You-Jeong Jeong's masterfully plotted Seven Years of Darkness presents two excellent narratives deftly woven together: a thriller inside a thriller. Jeong, author of The Good Son, uses this nesting-doll structure to meditate on the long shadow of trauma and the elusive nature of truth, but it also serves as a clever method for heightening suspense. Jeong makes it obvious that at least one part of the story ends in tragedy, but unfolding why and how it happens reveals a multitude of shocking surprises.

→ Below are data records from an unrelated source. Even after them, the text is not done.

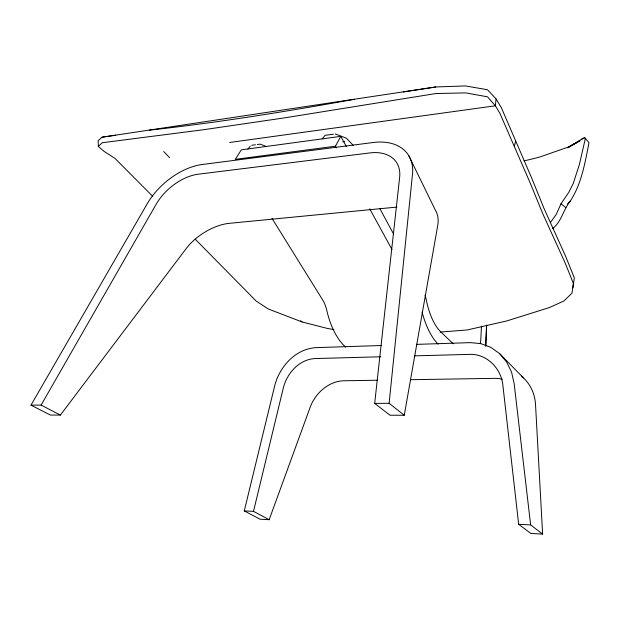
<?xml version="1.0" encoding="UTF-8"?>
<svg xmlns="http://www.w3.org/2000/svg" width="620" height="620" viewBox="0 0 620 620"><rect width="100%" height="100%" fill="white"/><g stroke="black" fill="none" stroke-linecap="round" stroke-linejoin="round"><path stroke-width="0.93" d="M485.809 346.386L486.677 325.167M485.677 345.433L486.545 325.175M481.476 326.205L480.795 339.698A26.536 11.191 87.5 0 1 480.252 343.736M152.644 196.253L114.894 158.317L104.168 151.466L98.309 146.459L98.138 140.632L102.083 137.191L435.752 86.971L465.434 85.932L487.49 89.73L496.062 98.89L495.38 105.795L499.906 113.336L530.441 183.559L542.81 213.83L564.595 261.694L573.306 283.154L571.989 293.136L563.952 300.956L549.405 307.567L506.703 320.959L467.147 329.964L440.185 332.08M408.696 155.542L435.155 209.7A56.583 33.271 -28.2 0 1 437.689 225.696L404.263 415.245L389.12 403.318L412.502 174.073A58.481 38.239 -35.7 0 0 373.248 142.499L202.244 164.501A53.847 32.023 -40.8 0 0 147.297 203.67L31 405.139L50.344 415.059L60.388 415.067L186.016 248.806A39.866 21.289 -32.9 0 1 229.555 223.301L396.878 207.08M404.263 415.245L390.026 415.237L374.674 403.387L399.66 177.219A44.547 29.117 -35.7 0 0 370.008 152.915L198.307 174.189A41.021 24.382 -40.8 0 0 156.194 204.205L41.114 405.085L31 405.139M572.973 287.843L574.306 277.83L565.642 256.316L543.972 208.343L531.681 178.01L501.34 107.663L496.062 98.89M514.368 146.343L515.701 140.725M377.627 380.231L343.805 380.773A34.743 27.652 -55.4 0 0 309.961 407.821L269.173 519.692L253.503 511.361L283.193 388.476C286.758 373.527 298.949 359.399 315.069 358.554L380.843 356.779M269.173 519.692L260.044 519.211L244.272 510.911L274.435 386.849C279.039 367.265 294.996 348.882 316.037 347.634L381.664 345.503M524.024 160.859A334.079 276.737 34 0 0 540.477 156.775L568.602 146.948L580.087 140.662L567.726 147.777L583.157 138.19L584.73 137.686L585.288 138.748L579.406 164.463L573.182 183.667L568.804 192.285L560.999 203.786L556.326 214.226L550.63 222.231M584.73 137.686L589 142.654C585.04 162.719 581.552 184.078 570.098 201.314C563.293 209.777 561.565 221.603 552.691 228.524M340.814 136.353L241.296 149.846L235.329 159.34L335.428 146.204L340.814 136.353L346.324 146.553M247.938 149.18L250.185 146.165M322.214 138.841L325.105 135.331L333.397 134.207M568.749 202.624L570.043 201.26M567.501 204.034L570.098 201.314M98.309 146.459L102.23 142.74L204.042 129.657L284.278 117.901L436.046 93.519L465.767 92.899L487.506 96.813L495.38 105.795L229.702 142.468M581.467 139.709L583.157 138.19M576.414 142.902L577.91 142.003M568.602 146.948L575.631 143.305M354.16 99.34C286.176 111.546 217.984 122.651 149.304 130.154M403.256 91.946L435.752 86.971M102.083 137.191L115.769 135.199M251.689 145.282L255.456 144.778M257.339 144.522L260.16 144.142L266.391 146.498M342.806 141.833L344.697 141.585M416.407 344.379L470.456 342.635L480.957 343.651L490.839 347.332L499.565 353.555L523.443 377.882M414.695 355.857L469.828 354.369C487.18 353.764 501.51 368.923 502.921 385.694L518.669 524.311L530.844 533.456L542.624 534.068L535.572 405.333A48.585 42.145 -49.4 0 0 521.42 376.123M410.486 379.704L494.566 378.355A37.014 32.101 -49.4 0 1 502.27 379.169M374.674 403.387L389.12 403.318M244.272 510.911L253.503 511.361M518.669 524.311L530.643 524.892L542.624 534.068M333.87 329.577L327.259 328.406L302.142 321.974L268.382 309.031L256.223 301.119L195.246 239.204M335.234 133.959L346.355 138.151L353.447 145.576M41.114 405.085L60.388 415.067M300.607 320.835L302.142 321.974M560.999 203.786L565.827 207.623M453.267 343.805L440.843 331.948A54.583 23.808 86.4 0 1 426.25 299.793A43.919 20.483 87.3 0 0 425.072 295.19M163.719 151.575L169.648 157.72M499.565 353.555L506.618 361.971L511.578 372.178L514.143 383.602L530.643 524.892M271.932 218.256L321.741 298.445A27.97 14.989 87.6 0 1 326.996 311.317A65.418 32.899 86.6 0 0 345.728 347.138M335.428 146.204L336.35 147.893M369.714 208.839L391.956 249.465M379.858 208.615L393.638 234.12M438.17 344.17A68.254 29.791 86.4 0 1 422.073 312.038"/></g></svg>
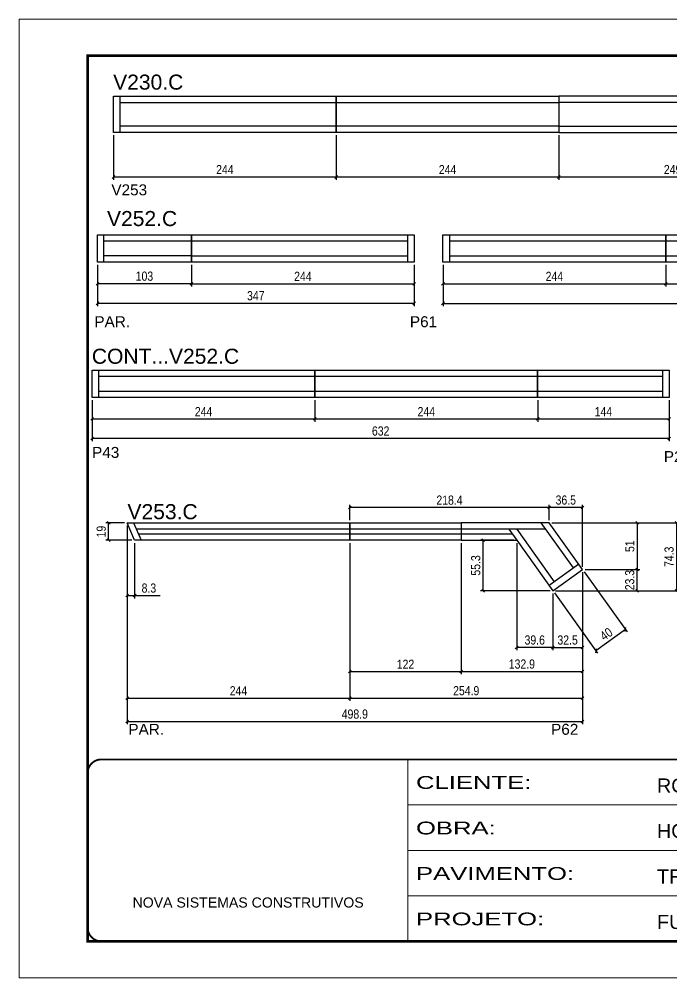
# Model space of a CAD drawing. Extents: x 3171 to 9452, y -2838 to 6252.
# Drawn here: x 7940 to 8655, y 4054 to 5104 of the extents above; entities that cross this region are included whole.
import ezdxf

# ---------------------------------------------------------------- set-up
doc = ezdxf.new("R2010")
doc.units = 0
doc.linetypes.add('CONTINUO', pattern=[0])
doc.linetypes.add('DASHED', pattern=[0.75, 0.5, -0.25])
for name, color, linetype in [('5', 5, 'Continuous'), ('NOMENCLATURA', 7, 'Continuous'), ('Painéis', 200, 'Continuous'), ('SARR_2.2x7', 40, 'Continuous')]:
    doc.layers.add(name, color=color, linetype=linetype)
for name, color, linetype, lineweight in [('Escoras', 2, 'Continuous', 25), ('Folhas', 255, 'Continuous', 9), ('Romaneio', 3, 'Continuous', 13), ('SARRAFO DE PRESSAO', 251, 'DASHED', 9)]:
    doc.layers.add(name, color=color, linetype=linetype, lineweight=lineweight)
doc.layers.add('FELIPE', color=2, linetype='Continuous', lineweight=13, plot=False)
doc.styles.add('ARIAL', font='arial.ttf')
doc.styles.add('COTA TECNICA', font='techl___.ttf', dxfattribs={"height": 10})
doc.styles.add('COTA TECNICA-50', font='techl___.ttf', dxfattribs={"height": 10})
doc.styles.get("Standard").update_dxf_attribs({"font": 'arial.ttf'})
doc.styles.add('Tecnologia', font='')
doc.styles.get('Tecnologia').set_extended_font_data('Forgotten Futurist')
doc.dimstyles.new('COTA PAINEL-50', dxfattribs={"dimtxt": 10, "dimasz": 3, "dimexe": 3, "dimexo": 3, "dimgap": 3, "dimtad": 1, "dimdec": 1, "dimzin": 12, "dimdsep": 46, "dimtxsty": 'COTA TECNICA-50', "dimblk1": 'OBLIQUE', "dimblk2": 'OBLIQUE', "dimsah": 1, "dimcen": 0.9, "dimclrd": 4, "dimclre": 4, "dimclrt": 240, "dimadec": 1, "dimazin": 3, "dimtfac": 1, "dimtdec": 1, "dimtmove": 0, "dimatfit": 3, "dimfxl": 1, "dimtolj": 1, "dimtzin": 12, "dimarcsym": 0})
doc.dimstyles.new('PAINEL', dxfattribs={"dimtxt": 10, "dimasz": 3, "dimexe": 3, "dimexo": 3, "dimgap": 3, "dimtad": 1, "dimdec": 1, "dimzin": 12, "dimdsep": 46, "dimtxsty": 'COTA TECNICA', "dimblk1": 'OBLIQUE', "dimblk2": 'OBLIQUE', "dimsah": 1, "dimcen": 0.9, "dimclrd": 4, "dimclre": 4, "dimclrt": 240, "dimadec": 1, "dimazin": 3, "dimtfac": 1, "dimtdec": 1, "dimtmove": 0, "dimatfit": 3, "dimfxl": 1, "dimtolj": 1, "dimtzin": 12, "dimarcsym": 0})

# ---------------------------------------------------------------- blocks, each defined once
blk = doc.blocks.new('9999999999')
at = {"color": 30, "linetype": 'CONTINUO'}
for p, q in [((98564.6, 34230.2), (98564.6, 34429.4)), ((98564.6, 34379.6), (99584, 34379.6)), ((98564.6, 34329.8), (99488, 34329.8)), ((98564.6, 34280), (99488, 34280))]:
    blk.add_line(p, q, dxfattribs=at)
at = {"color": 30, "linetype": 'CONTINUO', "const_width": 2}
blk.add_lwpolyline([(99584, 34230.2), (99584, 34414.4, 0.414214), (99569, 34429.4), (98229, 34429.4, 0.414214), (98214, 34414.4), (98214, 34245.2, 0.414214), (98229, 34230.2), (99584, 34230.2)], format="xyb", dxfattribs=at)
at = {"layer": 'Folhas'}
blk.add_lwpolyline([(98139, 34190.2), (99624, 34190.2), (99624, 35240.2), (98139, 35240.2)], close=True, dxfattribs=at)
at = {"layer": 'Folhas', "color": 30, "const_width": 3}
blk.add_lwpolyline([(98214, 34230.2), (99584, 34230.2), (99584, 35200.2), (98214, 35200.2)], close=True, dxfattribs=at)
at = {"color": 7, "linetype": 'Continuous', "ltscale": 5, "style": 'ARIAL'}
for s, height, p in [('ROCONTEC', 15.48, (98837.7, 34393.1)), ('HOSPITAL ASSUNÇÃO', 15.483, (98837.7, 34343.3)), ('TRECHO 1 - TÉRREO', 15.483, (98837.7, 34293.5)), ('NOVA SISTEMAS CONSTRUTIVOS', 11.059, (98263.2, 34267.2)), ('FUNDO DE VIGA', 15.483, (98837.7, 34243.7))]:
    blk.add_text(s, height=height, dxfattribs=at).set_placement(p)
at = {"layer": 'Folhas', "color": 7, "style": 'Tecnologia', "width": 1.5}
for s, p in [('CLIENTE:', (98573.7, 34397.2)), ('OBRA:', (98573.7, 34347.3)), ('PAVIMENTO:', (98573.7, 34297.5)), ('PROJETO:', (98573.7, 34247.7))]:
    blk.add_text(s, height=14, dxfattribs=at).set_placement(p)
blk = doc.blocks.new('_Oblique')
at = {"color": 0, "linetype": 'ByBlock', "lineweight": -2}
blk.add_line((-0.5, -0.5), (0.5, 0.5), dxfattribs=at)
blk = doc.blocks.new('*D319')
at = {"layer": 'Defpoints', "color": 0, "linetype": 'ByBlock', "transparency": 16777216}
for p in [(8025.4, 4837.5), (8372.5, 4837.5), (8025.4, 4792.5)]:
    blk.add_point(p, dxfattribs=at)
at = {"layer": 'Romaneio', "color": 4, "linetype": 'ByBlock', "lineweight": -2, "transparency": 16777216}
for p, q in [((8025.4, 4834.5), (8025.4, 4789.5)), ((8372.5, 4834.5), (8372.5, 4789.5)), ((8372.5, 4792.5), (8025.4, 4792.5))]:
    blk.add_line(p, q, dxfattribs=at)
at = {"layer": 'Romaneio', "color": 4, "linetype": 'ByBlock', "lineweight": -2, "transparency": 16777216, "xscale": 3, "yscale": 3, "zscale": 3, "rotation": 180}
blk.add_blockref('_Oblique', (8025.4, 4792.5), dxfattribs=at)
at = {"layer": 'Romaneio', "color": 4, "linetype": 'ByBlock', "lineweight": -2, "transparency": 16777216, "xscale": 3, "yscale": 3, "zscale": 3}
blk.add_blockref('_Oblique', (8372.5, 4792.5), dxfattribs=at)
at = {"layer": 'Romaneio', "color": 240, "linetype": 'ByBlock', "transparency": 16777216, "insert": (8198.9, 4800.8), "char_height": 10, "attachment_point": 5, "style": 'COTA TECNICA-50'}
blk.add_mtext('\\A1;347', dxfattribs=at)
blk = doc.blocks.new('*D320')
at = {"layer": 'Defpoints', "color": 0, "linetype": 'Continuous', "transparency": 16777216}
for p in [(8025.4, 4837.5), (8128.5, 4837.5), (8025.4, 4814)]:
    blk.add_point(p, dxfattribs=at)
at = {"layer": 'Painéis', "color": 4, "linetype": 'Continuous', "lineweight": -2, "transparency": 16777216}
for p, q in [((8025.4, 4834.5), (8025.4, 4811)), ((8128.5, 4834.5), (8128.5, 4811)), ((8128.5, 4814), (8025.4, 4814))]:
    blk.add_line(p, q, dxfattribs=at)
at = {"layer": 'Painéis', "color": 4, "linetype": 'Continuous', "lineweight": -2, "transparency": 16777216, "xscale": 3, "yscale": 3, "zscale": 3, "rotation": 180}
blk.add_blockref('_Oblique', (8025.4, 4814), dxfattribs=at)
at = {"layer": 'Painéis', "color": 4, "linetype": 'Continuous', "lineweight": -2, "transparency": 16777216, "xscale": 3, "yscale": 3, "zscale": 3}
blk.add_blockref('_Oblique', (8128.5, 4814), dxfattribs=at)
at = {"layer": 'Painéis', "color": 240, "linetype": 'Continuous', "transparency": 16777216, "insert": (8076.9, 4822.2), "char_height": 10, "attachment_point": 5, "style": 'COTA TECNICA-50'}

The novel initially follows Sowon, a young man who lives as a pariah thanks to his imprisoned father, infamous for a murder spree that ended in opening a dam and flooding an entire town. Everywhere Sowon goes, a mysterious actor reveals his identity until Sowon is forced to flee to a remote corner of South Korea. When Sowon finds a novel manuscript that seems to describe the events leading up to the so-called Seryong Lake Disaster, readers are launched into a second narrative, a twisty, complicated, potentially truthful account of what really happened in the town by the dam.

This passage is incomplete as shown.